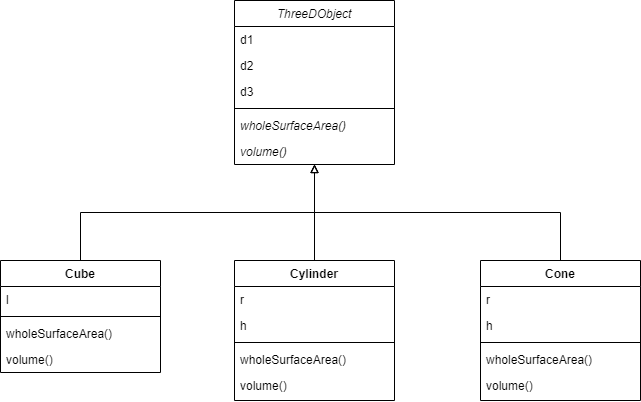

The diagram above was exported from draw.io. Its source (the exported page's mxGraphModel, read from the mxfile embedded in the PNG):
<mxGraphModel dx="852" dy="494" grid="1" gridSize="10" guides="1" tooltips="1" connect="1" arrows="1" fold="1" page="1" pageScale="1" pageWidth="827" pageHeight="1169" math="0" shadow="0">
  <root>
    <mxCell id="WIyWlLk6GJQsqaUBKTNV-0" />
    <mxCell id="WIyWlLk6GJQsqaUBKTNV-1" parent="WIyWlLk6GJQsqaUBKTNV-0" />
    <mxCell id="zkfFHV4jXpPFQw0GAbJ--0" value="ThreeDObject" style="swimlane;fontStyle=2;align=center;verticalAlign=top;childLayout=stackLayout;horizontal=1;startSize=26;horizontalStack=0;resizeParent=1;resizeLast=0;collapsible=1;marginBottom=0;rounded=0;shadow=0;strokeWidth=1;" parent="WIyWlLk6GJQsqaUBKTNV-1" vertex="1">
      <mxGeometry x="334" y="120" width="160" height="164" as="geometry">
        <mxRectangle x="230" y="140" width="160" height="26" as="alternateBounds" />
      </mxGeometry>
    </mxCell>
    <mxCell id="zkfFHV4jXpPFQw0GAbJ--1" value="d1" style="text;align=left;verticalAlign=top;spacingLeft=4;spacingRight=4;overflow=hidden;rotatable=0;points=[[0,0.5],[1,0.5]];portConstraint=eastwest;" parent="zkfFHV4jXpPFQw0GAbJ--0" vertex="1">
      <mxGeometry y="26" width="160" height="26" as="geometry" />
    </mxCell>
    <mxCell id="zkfFHV4jXpPFQw0GAbJ--2" value="d2" style="text;align=left;verticalAlign=top;spacingLeft=4;spacingRight=4;overflow=hidden;rotatable=0;points=[[0,0.5],[1,0.5]];portConstraint=eastwest;rounded=0;shadow=0;html=0;" parent="zkfFHV4jXpPFQw0GAbJ--0" vertex="1">
      <mxGeometry y="52" width="160" height="26" as="geometry" />
    </mxCell>
    <mxCell id="zkfFHV4jXpPFQw0GAbJ--3" value="d3" style="text;align=left;verticalAlign=top;spacingLeft=4;spacingRight=4;overflow=hidden;rotatable=0;points=[[0,0.5],[1,0.5]];portConstraint=eastwest;rounded=0;shadow=0;html=0;" parent="zkfFHV4jXpPFQw0GAbJ--0" vertex="1">
      <mxGeometry y="78" width="160" height="26" as="geometry" />
    </mxCell>
    <mxCell id="zkfFHV4jXpPFQw0GAbJ--4" value="" style="line;html=1;strokeWidth=1;align=left;verticalAlign=middle;spacingTop=-1;spacingLeft=3;spacingRight=3;rotatable=0;labelPosition=right;points=[];portConstraint=eastwest;" parent="zkfFHV4jXpPFQw0GAbJ--0" vertex="1">
      <mxGeometry y="104" width="160" height="8" as="geometry" />
    </mxCell>
    <mxCell id="zkfFHV4jXpPFQw0GAbJ--5" value="wholeSurfaceArea()" style="text;align=left;verticalAlign=top;spacingLeft=4;spacingRight=4;overflow=hidden;rotatable=0;points=[[0,0.5],[1,0.5]];portConstraint=eastwest;fontStyle=2" parent="zkfFHV4jXpPFQw0GAbJ--0" vertex="1">
      <mxGeometry y="112" width="160" height="26" as="geometry" />
    </mxCell>
    <mxCell id="ZvfnxnkaV5BUTDlpn4PA-4" value="volume()" style="text;strokeColor=none;fillColor=none;align=left;verticalAlign=top;spacingLeft=4;spacingRight=4;overflow=hidden;rotatable=0;points=[[0,0.5],[1,0.5]];portConstraint=eastwest;fontStyle=2" parent="zkfFHV4jXpPFQw0GAbJ--0" vertex="1">
      <mxGeometry y="138" width="160" height="26" as="geometry" />
    </mxCell>
    <mxCell id="ZvfnxnkaV5BUTDlpn4PA-33" style="edgeStyle=elbowEdgeStyle;rounded=0;orthogonalLoop=1;jettySize=auto;elbow=vertical;html=1;exitX=0.5;exitY=0;exitDx=0;exitDy=0;endArrow=block;endFill=0;strokeColor=#000000;" parent="WIyWlLk6GJQsqaUBKTNV-1" source="ZvfnxnkaV5BUTDlpn4PA-5" target="zkfFHV4jXpPFQw0GAbJ--0" edge="1">
      <mxGeometry relative="1" as="geometry" />
    </mxCell>
    <mxCell id="ZvfnxnkaV5BUTDlpn4PA-5" value="Cube" style="swimlane;fontStyle=1;align=center;verticalAlign=top;childLayout=stackLayout;horizontal=1;startSize=26;horizontalStack=0;resizeParent=1;resizeLast=0;collapsible=1;marginBottom=0;rounded=0;shadow=0;strokeWidth=1;" parent="WIyWlLk6GJQsqaUBKTNV-1" vertex="1">
      <mxGeometry x="100" y="380" width="160" height="112" as="geometry">
        <mxRectangle x="230" y="140" width="160" height="26" as="alternateBounds" />
      </mxGeometry>
    </mxCell>
    <mxCell id="ZvfnxnkaV5BUTDlpn4PA-6" value="l" style="text;align=left;verticalAlign=top;spacingLeft=4;spacingRight=4;overflow=hidden;rotatable=0;points=[[0,0.5],[1,0.5]];portConstraint=eastwest;" parent="ZvfnxnkaV5BUTDlpn4PA-5" vertex="1">
      <mxGeometry y="26" width="160" height="26" as="geometry" />
    </mxCell>
    <mxCell id="ZvfnxnkaV5BUTDlpn4PA-9" value="" style="line;html=1;strokeWidth=1;align=left;verticalAlign=middle;spacingTop=-1;spacingLeft=3;spacingRight=3;rotatable=0;labelPosition=right;points=[];portConstraint=eastwest;" parent="ZvfnxnkaV5BUTDlpn4PA-5" vertex="1">
      <mxGeometry y="52" width="160" height="8" as="geometry" />
    </mxCell>
    <mxCell id="ZvfnxnkaV5BUTDlpn4PA-10" value="wholeSurfaceArea()" style="text;align=left;verticalAlign=top;spacingLeft=4;spacingRight=4;overflow=hidden;rotatable=0;points=[[0,0.5],[1,0.5]];portConstraint=eastwest;" parent="ZvfnxnkaV5BUTDlpn4PA-5" vertex="1">
      <mxGeometry y="60" width="160" height="26" as="geometry" />
    </mxCell>
    <mxCell id="ZvfnxnkaV5BUTDlpn4PA-11" value="volume()" style="text;strokeColor=none;fillColor=none;align=left;verticalAlign=top;spacingLeft=4;spacingRight=4;overflow=hidden;rotatable=0;points=[[0,0.5],[1,0.5]];portConstraint=eastwest;" parent="ZvfnxnkaV5BUTDlpn4PA-5" vertex="1">
      <mxGeometry y="86" width="160" height="26" as="geometry" />
    </mxCell>
    <mxCell id="ZvfnxnkaV5BUTDlpn4PA-34" style="edgeStyle=elbowEdgeStyle;rounded=0;orthogonalLoop=1;jettySize=auto;elbow=vertical;html=1;exitX=0.5;exitY=0;exitDx=0;exitDy=0;endArrow=block;endFill=0;strokeColor=#000000;" parent="WIyWlLk6GJQsqaUBKTNV-1" source="ZvfnxnkaV5BUTDlpn4PA-12" target="zkfFHV4jXpPFQw0GAbJ--0" edge="1">
      <mxGeometry relative="1" as="geometry" />
    </mxCell>
    <mxCell id="ZvfnxnkaV5BUTDlpn4PA-12" value="Cylinder" style="swimlane;fontStyle=1;align=center;verticalAlign=top;childLayout=stackLayout;horizontal=1;startSize=26;horizontalStack=0;resizeParent=1;resizeLast=0;collapsible=1;marginBottom=0;rounded=0;shadow=0;strokeWidth=1;" parent="WIyWlLk6GJQsqaUBKTNV-1" vertex="1">
      <mxGeometry x="334" y="380" width="160" height="140" as="geometry">
        <mxRectangle x="230" y="140" width="160" height="26" as="alternateBounds" />
      </mxGeometry>
    </mxCell>
    <mxCell id="ZvfnxnkaV5BUTDlpn4PA-13" value="r" style="text;align=left;verticalAlign=top;spacingLeft=4;spacingRight=4;overflow=hidden;rotatable=0;points=[[0,0.5],[1,0.5]];portConstraint=eastwest;" parent="ZvfnxnkaV5BUTDlpn4PA-12" vertex="1">
      <mxGeometry y="26" width="160" height="26" as="geometry" />
    </mxCell>
    <mxCell id="ZvfnxnkaV5BUTDlpn4PA-14" value="h" style="text;align=left;verticalAlign=top;spacingLeft=4;spacingRight=4;overflow=hidden;rotatable=0;points=[[0,0.5],[1,0.5]];portConstraint=eastwest;rounded=0;shadow=0;html=0;" parent="ZvfnxnkaV5BUTDlpn4PA-12" vertex="1">
      <mxGeometry y="52" width="160" height="26" as="geometry" />
    </mxCell>
    <mxCell id="ZvfnxnkaV5BUTDlpn4PA-16" value="" style="line;html=1;strokeWidth=1;align=left;verticalAlign=middle;spacingTop=-1;spacingLeft=3;spacingRight=3;rotatable=0;labelPosition=right;points=[];portConstraint=eastwest;" parent="ZvfnxnkaV5BUTDlpn4PA-12" vertex="1">
      <mxGeometry y="78" width="160" height="8" as="geometry" />
    </mxCell>
    <mxCell id="ZvfnxnkaV5BUTDlpn4PA-17" value="wholeSurfaceArea()" style="text;align=left;verticalAlign=top;spacingLeft=4;spacingRight=4;overflow=hidden;rotatable=0;points=[[0,0.5],[1,0.5]];portConstraint=eastwest;" parent="ZvfnxnkaV5BUTDlpn4PA-12" vertex="1">
      <mxGeometry y="86" width="160" height="26" as="geometry" />
    </mxCell>
    <mxCell id="ZvfnxnkaV5BUTDlpn4PA-18" value="volume()" style="text;strokeColor=none;fillColor=none;align=left;verticalAlign=top;spacingLeft=4;spacingRight=4;overflow=hidden;rotatable=0;points=[[0,0.5],[1,0.5]];portConstraint=eastwest;" parent="ZvfnxnkaV5BUTDlpn4PA-12" vertex="1">
      <mxGeometry y="112" width="160" height="26" as="geometry" />
    </mxCell>
    <mxCell id="ZvfnxnkaV5BUTDlpn4PA-35" style="edgeStyle=elbowEdgeStyle;rounded=0;orthogonalLoop=1;jettySize=auto;elbow=vertical;html=1;exitX=0.5;exitY=0;exitDx=0;exitDy=0;endArrow=block;endFill=0;strokeColor=#000000;" parent="WIyWlLk6GJQsqaUBKTNV-1" source="ZvfnxnkaV5BUTDlpn4PA-19" target="zkfFHV4jXpPFQw0GAbJ--0" edge="1">
      <mxGeometry relative="1" as="geometry" />
    </mxCell>
    <mxCell id="ZvfnxnkaV5BUTDlpn4PA-19" value="Cone" style="swimlane;fontStyle=1;align=center;verticalAlign=top;childLayout=stackLayout;horizontal=1;startSize=26;horizontalStack=0;resizeParent=1;resizeLast=0;collapsible=1;marginBottom=0;rounded=0;shadow=0;strokeWidth=1;" parent="WIyWlLk6GJQsqaUBKTNV-1" vertex="1">
      <mxGeometry x="580" y="380" width="160" height="140" as="geometry">
        <mxRectangle x="230" y="140" width="160" height="26" as="alternateBounds" />
      </mxGeometry>
    </mxCell>
    <mxCell id="ZvfnxnkaV5BUTDlpn4PA-20" value="r" style="text;align=left;verticalAlign=top;spacingLeft=4;spacingRight=4;overflow=hidden;rotatable=0;points=[[0,0.5],[1,0.5]];portConstraint=eastwest;" parent="ZvfnxnkaV5BUTDlpn4PA-19" vertex="1">
      <mxGeometry y="26" width="160" height="26" as="geometry" />
    </mxCell>
    <mxCell id="ZvfnxnkaV5BUTDlpn4PA-21" value="h" style="text;align=left;verticalAlign=top;spacingLeft=4;spacingRight=4;overflow=hidden;rotatable=0;points=[[0,0.5],[1,0.5]];portConstraint=eastwest;rounded=0;shadow=0;html=0;" parent="ZvfnxnkaV5BUTDlpn4PA-19" vertex="1">
      <mxGeometry y="52" width="160" height="26" as="geometry" />
    </mxCell>
    <mxCell id="ZvfnxnkaV5BUTDlpn4PA-22" value="" style="line;html=1;strokeWidth=1;align=left;verticalAlign=middle;spacingTop=-1;spacingLeft=3;spacingRight=3;rotatable=0;labelPosition=right;points=[];portConstraint=eastwest;" parent="ZvfnxnkaV5BUTDlpn4PA-19" vertex="1">
      <mxGeometry y="78" width="160" height="8" as="geometry" />
    </mxCell>
    <mxCell id="ZvfnxnkaV5BUTDlpn4PA-23" value="wholeSurfaceArea()" style="text;align=left;verticalAlign=top;spacingLeft=4;spacingRight=4;overflow=hidden;rotatable=0;points=[[0,0.5],[1,0.5]];portConstraint=eastwest;" parent="ZvfnxnkaV5BUTDlpn4PA-19" vertex="1">
      <mxGeometry y="86" width="160" height="26" as="geometry" />
    </mxCell>
    <mxCell id="ZvfnxnkaV5BUTDlpn4PA-24" value="volume()" style="text;strokeColor=none;fillColor=none;align=left;verticalAlign=top;spacingLeft=4;spacingRight=4;overflow=hidden;rotatable=0;points=[[0,0.5],[1,0.5]];portConstraint=eastwest;" parent="ZvfnxnkaV5BUTDlpn4PA-19" vertex="1">
      <mxGeometry y="112" width="160" height="26" as="geometry" />
    </mxCell>
  </root>
</mxGraphModel>
------------------------------
§ **WORK TO COMPLETE**
Find each line of the data above that holds the word "horizontalStack", then copy it.

§ **TASK ANSWER**
    <mxCell id="zkfFHV4jXpPFQw0GAbJ--0" value="ThreeDObject" style="swimlane;fontStyle=2;align=center;verticalAlign=top;childLayout=stackLayout;horizontal=1;startSize=26;horizontalStack=0;resizeParent=1;resizeLast=0;collapsible=1;marginBottom=0;rounded=0;shadow=0;strokeWidth=1;" parent="WIyWlLk6GJQsqaUBKTNV-1" vertex="1">
    <mxCell id="ZvfnxnkaV5BUTDlpn4PA-5" value="Cube" style="swimlane;fontStyle=1;align=center;verticalAlign=top;childLayout=stackLayout;horizontal=1;startSize=26;horizontalStack=0;resizeParent=1;resizeLast=0;collapsible=1;marginBottom=0;rounded=0;shadow=0;strokeWidth=1;" parent="WIyWlLk6GJQsqaUBKTNV-1" vertex="1">
    <mxCell id="ZvfnxnkaV5BUTDlpn4PA-12" value="Cylinder" style="swimlane;fontStyle=1;align=center;verticalAlign=top;childLayout=stackLayout;horizontal=1;startSize=26;horizontalStack=0;resizeParent=1;resizeLast=0;collapsible=1;marginBottom=0;rounded=0;shadow=0;strokeWidth=1;" parent="WIyWlLk6GJQsqaUBKTNV-1" vertex="1">
    <mxCell id="ZvfnxnkaV5BUTDlpn4PA-19" value="Cone" style="swimlane;fontStyle=1;align=center;verticalAlign=top;childLayout=stackLayout;horizontal=1;startSize=26;horizontalStack=0;resizeParent=1;resizeLast=0;collapsible=1;marginBottom=0;rounded=0;shadow=0;strokeWidth=1;" parent="WIyWlLk6GJQsqaUBKTNV-1" vertex="1">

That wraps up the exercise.